The pretrained weight is stored in nsfw.pkl, which is converted from the caffemodel from original open nsfw project.
For end users, the simplest way to use it is from open_nsfw import nsfw_score
and then nsfw_score(img)
, where img can be the file name of the image or an PIL Image object. It will return the nsfw_score as a float number between 0 and 1. An image with socre higher than 0.8 can be cosidered as NSFW. An image with score less than 0.2 can be considered as SFW.
nsfw.pkl
and nsfw_model/deploy.prototxt
needs to be placed in the current working directory. If not, the path of theses files can be passed to nsfw_score
using keyword arguments nsfw_pkl_path
and deploy_prototxt_path
. For example:
nsfw_score(img,
nsfw_pkl_path="/home/u/nsfw.pkl",
deploy_prototxt_path="/opt/deploy.prototxt")
The result of this port is slightly different than the original one (~0.005). One root of the difference is from batch norm layer. The result of bn_1
is different up to 1e-7. I might misunderstood the meanings of the blobs of caffe batchnorm layers( I use mean =blobs[0]/blobs[2]
, variance=blobs[1]/blobs[2]
, and epsilon=1e-5
).
The work is done in jupyter notebook and the .py
file is converted from open_nsfw.ipynb. See the notebook for results of example images.
This part requires DEAP. It use simple and naive evolutionary algorithm to generate images consists with circles or triangles. The naive and simple algorithm is not particularly efficient, but is interesting to watch it work. When the target is a picture, it can generate recognizable results with some kind of artistic style. This experiment use the same algorithm but the target function is replaced by NSFW score. We can imagine two possible results: one is probably some kind of sexual related content with artistic style. The other might just some abstract image with high NSFW score (and in artistic style).
It is the later case.
NSFW-Triangles.ipynb: this is the result for 100 triangles.
NSFW score: 0.989984035492
NSFW-Circles.ipynb: this is the result for 50 circles.
NSFW score: 0.999073386192
Both images have some what significant portion with skin like colors. This might or might not mean something. Other than this, I haven't see any pattern.

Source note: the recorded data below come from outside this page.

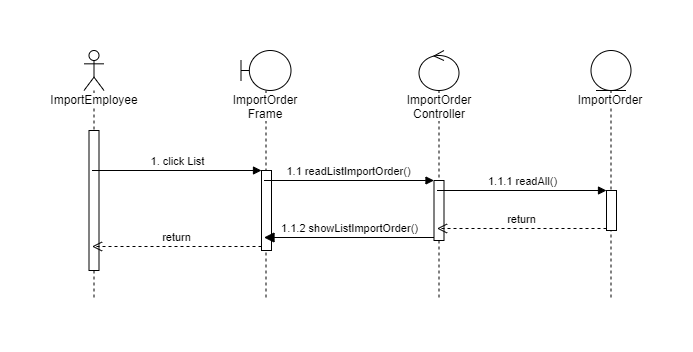

The diagram above was exported from draw.io. Its source (the exported page's mxGraphModel, read from the mxfile embedded in the PNG):
<mxGraphModel dx="4505" dy="1120" grid="1" gridSize="10" guides="1" tooltips="1" connect="1" arrows="1" fold="1" page="1" pageScale="1" pageWidth="850" pageHeight="1100" math="0" shadow="0">
  <root>
    <mxCell id="0" />
    <mxCell id="1" parent="0" />
    <mxCell id="2" value="ImportEmployee" style="shape=umlLifeline;participant=umlActor;perimeter=lifelinePerimeter;whiteSpace=wrap;html=1;container=1;collapsible=0;recursiveResize=0;verticalAlign=top;spacingTop=36;labelBackgroundColor=#ffffff;outlineConnect=0;" vertex="1" parent="1">
      <mxGeometry x="934.5" y="1710" width="20" height="250" as="geometry" />
    </mxCell>
    <mxCell id="3" value="" style="html=1;points=[];perimeter=orthogonalPerimeter;" vertex="1" parent="2">
      <mxGeometry x="5" y="80" width="10" height="140" as="geometry" />
    </mxCell>
    <mxCell id="4" value="ImportOrder Frame" style="shape=umlLifeline;participant=umlBoundary;perimeter=lifelinePerimeter;whiteSpace=wrap;html=1;container=1;collapsible=0;recursiveResize=0;verticalAlign=top;spacingTop=36;labelBackgroundColor=#ffffff;outlineConnect=0;" vertex="1" parent="1">
      <mxGeometry x="1091.5" y="1710" width="50" height="250" as="geometry" />
    </mxCell>
    <mxCell id="5" value="" style="html=1;points=[];perimeter=orthogonalPerimeter;" vertex="1" parent="4">
      <mxGeometry x="20.5" y="120" width="10" height="80" as="geometry" />
    </mxCell>
    <mxCell id="6" value="ImportOrder" style="shape=umlLifeline;participant=umlEntity;perimeter=lifelinePerimeter;whiteSpace=wrap;html=1;container=1;collapsible=0;recursiveResize=0;verticalAlign=top;spacingTop=36;labelBackgroundColor=#ffffff;outlineConnect=0;" vertex="1" parent="1">
      <mxGeometry x="1441.5" y="1710" width="40" height="250" as="geometry" />
    </mxCell>
    <mxCell id="7" value="" style="html=1;points=[];perimeter=orthogonalPerimeter;" vertex="1" parent="6">
      <mxGeometry x="15.5" y="140" width="10" height="40" as="geometry" />
    </mxCell>
    <mxCell id="8" value="ImportOrder Controller" style="shape=umlLifeline;participant=umlControl;perimeter=lifelinePerimeter;whiteSpace=wrap;html=1;container=1;collapsible=0;recursiveResize=0;verticalAlign=top;spacingTop=36;labelBackgroundColor=#ffffff;outlineConnect=0;" vertex="1" parent="1">
      <mxGeometry x="1269.5" y="1710" width="40" height="250" as="geometry" />
    </mxCell>
    <mxCell id="9" value="" style="html=1;points=[];perimeter=orthogonalPerimeter;" vertex="1" parent="8">
      <mxGeometry x="15" y="130" width="10" height="60" as="geometry" />
    </mxCell>
    <mxCell id="10" value="1. click List" style="html=1;verticalAlign=bottom;endArrow=block;entryX=0;entryY=0;" edge="1" source="2" target="5" parent="1">
      <mxGeometry relative="1" as="geometry">
        <mxPoint x="990" y="1850" as="sourcePoint" />
      </mxGeometry>
    </mxCell>
    <mxCell id="11" value="return" style="html=1;verticalAlign=bottom;endArrow=open;dashed=1;endSize=8;exitX=0;exitY=0.95;" edge="1" source="5" target="2" parent="1">
      <mxGeometry relative="1" as="geometry">
        <mxPoint x="990" y="1926" as="targetPoint" />
      </mxGeometry>
    </mxCell>
    <mxCell id="12" value="1.1 readListImportOrder()" style="html=1;verticalAlign=bottom;endArrow=block;entryX=0;entryY=0;" edge="1" source="4" target="9" parent="1">
      <mxGeometry relative="1" as="geometry">
        <mxPoint x="1160" y="1840" as="sourcePoint" />
      </mxGeometry>
    </mxCell>
    <mxCell id="13" value="1.1.2 showListImportOrder()" style="html=1;verticalAlign=bottom;endArrow=block;endSize=8;exitX=0;exitY=0.95;endFill=1;" edge="1" source="9" target="4" parent="1">
      <mxGeometry relative="1" as="geometry">
        <mxPoint x="1160" y="1916" as="targetPoint" />
      </mxGeometry>
    </mxCell>
    <mxCell id="14" value="1.1.1 readAll()" style="html=1;verticalAlign=bottom;endArrow=block;entryX=0;entryY=0;" edge="1" source="8" target="7" parent="1">
      <mxGeometry relative="1" as="geometry">
        <mxPoint x="1330" y="1850" as="sourcePoint" />
      </mxGeometry>
    </mxCell>
    <mxCell id="15" value="return" style="html=1;verticalAlign=bottom;endArrow=open;dashed=1;endSize=8;exitX=0;exitY=0.95;" edge="1" source="7" target="8" parent="1">
      <mxGeometry relative="1" as="geometry">
        <mxPoint x="1330" y="1926" as="targetPoint" />
      </mxGeometry>
    </mxCell>
  </root>
</mxGraphModel>

Lasagne and other python packages like scipy provides many efficient optimization method can help us to find an image with certain NSFW score. We use adam provided by lasagne. Turns out it can find an input data with near to 1 or near to 0 score very quickly.
Say we start from an NSFW image and run the optimization to get a very low NSFW score. We are practically trying to find a neighbor of this image having low score. We can imagine two possible scenario.
- The image is visually unchanged
- Certain part being censored. It seems that there are images with high scores and images with low scores in every small neighborhood. Since the neighborhood is so small, the change is unnoticeable ny naked eyes.
However, the problem is, the original Open NSFW uses a preprocess to prepare the input image. It first resize the image to 256x256. And then comressed using JPEG enocing. Then Decompress it then feed to the network.
After applying this procedure, the score of an image can be dramastically change. In order to apply adam or other differential based method to the original image, we need to reformulate the jpeg encoding, decoding process in a differentiable way. This might take awhile and might not be even practical or possible.
Instead, we construct a covolutional neural network attempt to learn the result image of the jpeg encoding. To learn the behaviour of jpeg encoding may need a large network and a lot of time. But we only need the mock jpeg encoder works for certain input and our input are hopefully very similar(in a small neighborhood like mentioned above), so this might just work.
This mock jpeg encoder imporves the result but is not accurate enough. Therefore, we modified the loss function of the mock jpeg encoder, to make it act like an adversary of the inverse nsfw model. By doing so, hopefully the inaccuracy would not help the inverse nfsw model.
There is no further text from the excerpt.